╭─ EXTRACTED RECORDS
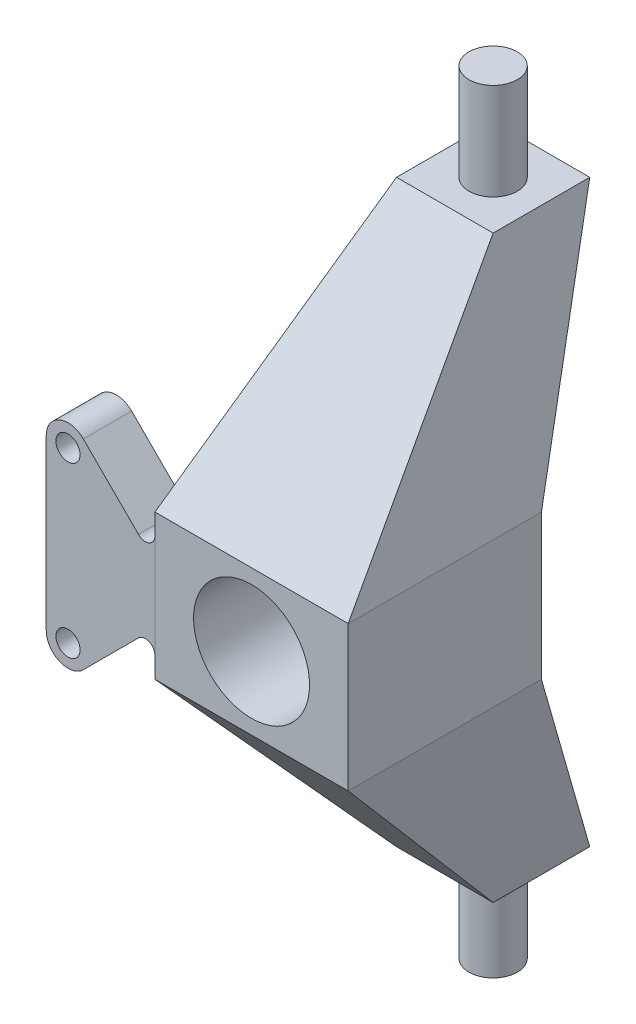
from build123d import *

# Parameters (mm, degrees)
BOSS_EXTRUDE1_DEPTH     = 20
CUT_EXTRUDE1_DEPTH      = 88.177978871
CUT_EXTRUDE1_DEPTH_BACK = 88.177978871
SKETCH2_R               = 12
SKETCH3_R               = 2.5
BOSS_EXTRUDE2_DEPTH     = 10
SKETCH5_R               = 5
BOSS_EXTRUDE3_DEPTH     = 20
CUT_EXTRUDE2_DEPTH      = 109.656569061


with BuildPart() as part:
    # Sketch1 → Boss-Extrude1 (new, symmetric)
    with BuildSketch(Plane(origin=(0, 0, 0), x_dir=(0, 0, -1), z_dir=(1, 0, 0))):
        Polygon((-20, 0), (20, 0), (20, 15), (40, 60), (20, 60), (-20, 15), align=None)
        Polygon((20, -15), (20, 0), (-20, 0), (-20, -15), (20, -60), (40, -60), align=None)
    extrude(amount=BOSS_EXTRUDE1_DEPTH, both=True)

    # Sketch2 → Cut-Extrude1 (cut, two sides: drawn at the far end of the back side and taken through both)
    with BuildSketch(Plane.XY.offset(20).offset(-CUT_EXTRUDE1_DEPTH_BACK)):
        Circle(SKETCH2_R)
    extrude(amount=CUT_EXTRUDE1_DEPTH + CUT_EXTRUDE1_DEPTH_BACK, mode=Mode.SUBTRACT)

    # Sketch5 → Boss-Extrude3 (add)
    with BuildSketch(Plane(origin=(0, 60, 0), x_dir=(1, 0, 0), z_dir=(0, 1, 0))):
        with Locations(Location((0, 30, 0), (0, 0, 270))):
            Circle(SKETCH5_R)
    boss_extrude3 = extrude(amount=BOSS_EXTRUDE3_DEPTH)

    # Mirror1: Boss-Extrude3 across plane
    add(boss_extrude3.mirror(Plane.ZX))

    # Sketch6 → Cut-Extrude2 (cut, symmetric)
    with BuildSketch(Plane.XY.offset(20)):
        Polygon((20, 15), (20, 60), (10, 60), align=None)
        Polygon((-20, 60), (-20, 15), (-10, 60), align=None)
    cut_extrude2 = extrude(amount=CUT_EXTRUDE2_DEPTH, both=True, mode=Mode.SUBTRACT)

    # Mirror2: Cut-Extrude2 across plane
    add(cut_extrude2.mirror(Plane.ZX), mode=Mode.SUBTRACT)


with BuildPart() as body_2:
    # Sketch3 → Boss-Extrude2 (new body)
    with BuildSketch(Plane.XY.offset(20)):
        with BuildLine():
            ThreePointArc((-20, 10.692388155), (-21.234633135, 8.84462909), (-23.414213562, 9.278174593))
            Line((-23.414213562, 9.278174593), (-34.818019485, 20.681980515))
            ThreePointArc((-34.818019485, 20.681980515), (-39.722075446, 21.657457896), (-42.5, 17.5))
            Line((-42.5, 17.5), (-42.5, -17.5))
            ThreePointArc((-42.5, -17.5), (-39.722075446, -21.657457896), (-34.818019485, -20.681980515))
            Line((-34.818019485, -20.681980515), (-23.414213562, -9.278174593))
            ThreePointArc((-23.414213562, -9.278174593), (-21.234633135, -8.84462909), (-20, -10.692388155))
            Line((-20, -10.692388155), (-20, 10.692388155))
        make_face()
        with Locations((-38, -17.5)):
            Circle(SKETCH3_R, mode=Mode.SUBTRACT)
        with Locations((-38, 17.5)):
            Circle(SKETCH3_R, mode=Mode.SUBTRACT)
    extrude(amount=-BOSS_EXTRUDE2_DEPTH)


solid = Compound([part.part, body_2.part])
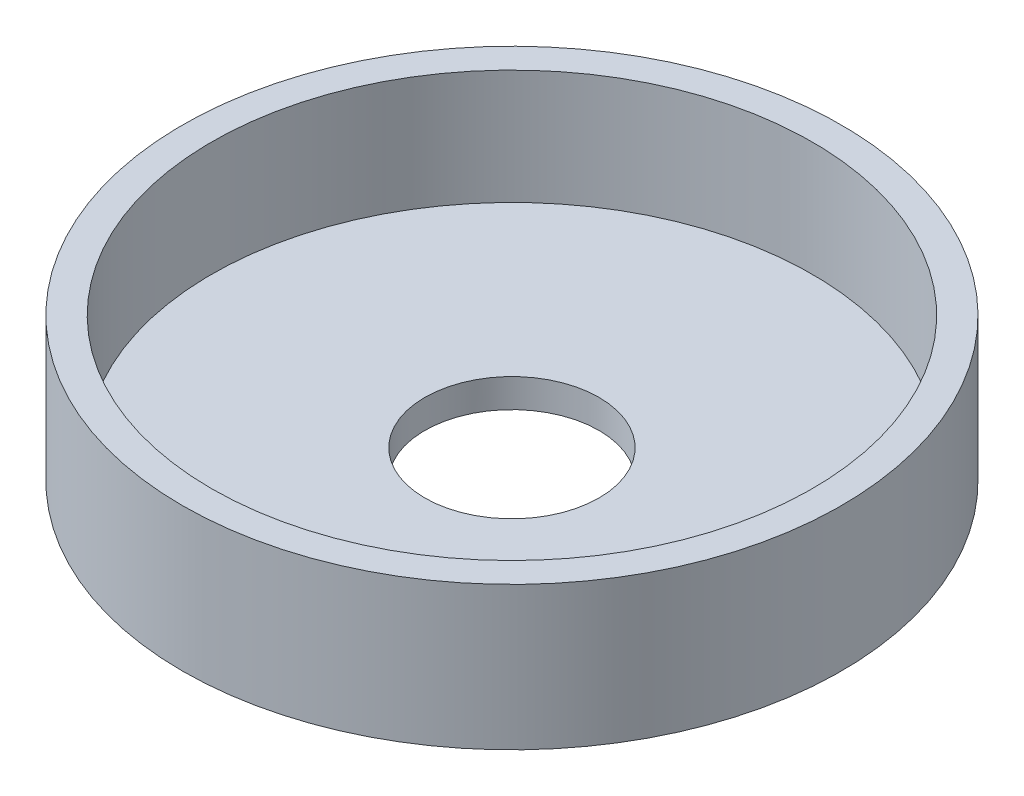
from build123d import *

# Parameters (mm, degrees)
SKETCH1_R           = 73.025
BOSS_EXTRUDE1_DEPTH = 6.35
SKETCH2_R           = 73.025
SKETCH2_R_2         = 66.548
BOSS_EXTRUDE2_DEPTH = 25.4
CUT_EXTRUDE1_REACH  = 110.043
SKETCH3_R           = 19.304


with BuildPart() as part:
    # Sketch1 → Boss-Extrude1 (new body)
    with BuildSketch(Plane(origin=(0, 0, 0), x_dir=(1, 0, 0), z_dir=(0, 1, 0))):
        with Locations(Location((0, 0, 0), (0, 0, 270))):
            Circle(SKETCH1_R)
    extrude(amount=BOSS_EXTRUDE1_DEPTH)

    # Sketch2 → Boss-Extrude2 (add)
    with BuildSketch(Plane(origin=(0, 6.35, 0), x_dir=(1, 0, 0), z_dir=(0, 1, 0))):
        with Locations(Location((0, 0, 0), (0, 0, 270))):
            Circle(SKETCH2_R)
        with Locations(Location((0, 0, 0), (0, 0, 270))):
            Circle(SKETCH2_R_2, mode=Mode.SUBTRACT)
    extrude(amount=BOSS_EXTRUDE2_DEPTH)

    # Sketch3 → Cut-Extrude1 (cut, up to next)
    with BuildSketch(Plane.XZ, mode=Mode.PRIVATE) as cut_extrude1_sk1:
        with Locations(Location((0, 0, 0), (0, 0, 270))):
            Circle(SKETCH3_R)
    cut_extrude1_tool1 = extrude(cut_extrude1_sk1.sketch, amount=-CUT_EXTRUDE1_REACH, mode=Mode.PRIVATE) & part.part
    add(cut_extrude1_tool1.solids().sort_by_distance((0, 0, 0))[0], mode=Mode.SUBTRACT)


solid = part.part
╰─
### EXERCISE
Exact repetition of all the records is required, with the pictures excluded.

### TASK RESULT
from build123d import *

# Parameters (mm, degrees)
BOSS_EXTRUDE1_DEPTH     = 20
CUT_EXTRUDE1_DEPTH      = 88.177978871
CUT_EXTRUDE1_DEPTH_BACK = 88.177978871
SKETCH2_R               = 12
SKETCH3_R               = 2.5
BOSS_EXTRUDE2_DEPTH     = 10
SKETCH5_R               = 5
BOSS_EXTRUDE3_DEPTH     = 20
CUT_EXTRUDE2_DEPTH      = 109.656569061


with BuildPart() as part:
    # Sketch1 → Boss-Extrude1 (new, symmetric)
    with BuildSketch(Plane(origin=(0, 0, 0), x_dir=(0, 0, -1), z_dir=(1, 0, 0))):
        Polygon((-20, 0), (20, 0), (20, 15), (40, 60), (20, 60), (-20, 15), align=None)
        Polygon((20, -15), (20, 0), (-20, 0), (-20, -15), (20, -60), (40, -60), align=None)
    extrude(amount=BOSS_EXTRUDE1_DEPTH, both=True)

    # Sketch2 → Cut-Extrude1 (cut, two sides: drawn at the far end of the back side and taken through both)
    with BuildSketch(Plane.XY.offset(20).offset(-CUT_EXTRUDE1_DEPTH_BACK)):
        Circle(SKETCH2_R)
    extrude(amount=CUT_EXTRUDE1_DEPTH + CUT_EXTRUDE1_DEPTH_BACK, mode=Mode.SUBTRACT)

    # Sketch5 → Boss-Extrude3 (add)
    with BuildSketch(Plane(origin=(0, 60, 0), x_dir=(1, 0, 0), z_dir=(0, 1, 0))):
        with Locations(Location((0, 30, 0), (0, 0, 270))):
            Circle(SKETCH5_R)
    boss_extrude3 = extrude(amount=BOSS_EXTRUDE3_DEPTH)

    # Mirror1: Boss-Extrude3 across plane
    add(boss_extrude3.mirror(Plane.ZX))

    # Sketch6 → Cut-Extrude2 (cut, symmetric)
    with BuildSketch(Plane.XY.offset(20)):
        Polygon((20, 15), (20, 60), (10, 60), align=None)
        Polygon((-20, 60), (-20, 15), (-10, 60), align=None)
    cut_extrude2 = extrude(amount=CUT_EXTRUDE2_DEPTH, both=True, mode=Mode.SUBTRACT)

    # Mirror2: Cut-Extrude2 across plane
    add(cut_extrude2.mirror(Plane.ZX), mode=Mode.SUBTRACT)


with BuildPart() as body_2:
    # Sketch3 → Boss-Extrude2 (new body)
    with BuildSketch(Plane.XY.offset(20)):
        with BuildLine():
            ThreePointArc((-20, 10.692388155), (-21.234633135, 8.84462909), (-23.414213562, 9.278174593))
            Line((-23.414213562, 9.278174593), (-34.818019485, 20.681980515))
            ThreePointArc((-34.818019485, 20.681980515), (-39.722075446, 21.657457896), (-42.5, 17.5))
            Line((-42.5, 17.5), (-42.5, -17.5))
            ThreePointArc((-42.5, -17.5), (-39.722075446, -21.657457896), (-34.818019485, -20.681980515))
            Line((-34.818019485, -20.681980515), (-23.414213562, -9.278174593))
            ThreePointArc((-23.414213562, -9.278174593), (-21.234633135, -8.84462909), (-20, -10.692388155))
            Line((-20, -10.692388155), (-20, 10.692388155))
        make_face()
        with Locations((-38, -17.5)):
            Circle(SKETCH3_R, mode=Mode.SUBTRACT)
        with Locations((-38, 17.5)):
            Circle(SKETCH3_R, mode=Mode.SUBTRACT)
    extrude(amount=-BOSS_EXTRUDE2_DEPTH)


solid = Compound([part.part, body_2.part])
from build123d import *

# Parameters (mm, degrees)
SKETCH1_R           = 73.025
BOSS_EXTRUDE1_DEPTH = 6.35
SKETCH2_R           = 73.025
SKETCH2_R_2         = 66.548
BOSS_EXTRUDE2_DEPTH = 25.4
CUT_EXTRUDE1_REACH  = 110.043
SKETCH3_R           = 19.304


with BuildPart() as part:
    # Sketch1 → Boss-Extrude1 (new body)
    with BuildSketch(Plane(origin=(0, 0, 0), x_dir=(1, 0, 0), z_dir=(0, 1, 0))):
        with Locations(Location((0, 0, 0), (0, 0, 270))):
            Circle(SKETCH1_R)
    extrude(amount=BOSS_EXTRUDE1_DEPTH)

    # Sketch2 → Boss-Extrude2 (add)
    with BuildSketch(Plane(origin=(0, 6.35, 0), x_dir=(1, 0, 0), z_dir=(0, 1, 0))):
        with Locations(Location((0, 0, 0), (0, 0, 270))):
            Circle(SKETCH2_R)
        with Locations(Location((0, 0, 0), (0, 0, 270))):
            Circle(SKETCH2_R_2, mode=Mode.SUBTRACT)
    extrude(amount=BOSS_EXTRUDE2_DEPTH)

    # Sketch3 → Cut-Extrude1 (cut, up to next)
    with BuildSketch(Plane.XZ, mode=Mode.PRIVATE) as cut_extrude1_sk1:
        with Locations(Location((0, 0, 0), (0, 0, 270))):
            Circle(SKETCH3_R)
    cut_extrude1_tool1 = extrude(cut_extrude1_sk1.sketch, amount=-CUT_EXTRUDE1_REACH, mode=Mode.PRIVATE) & part.part
    add(cut_extrude1_tool1.solids().sort_by_distance((0, 0, 0))[0], mode=Mode.SUBTRACT)


solid = part.part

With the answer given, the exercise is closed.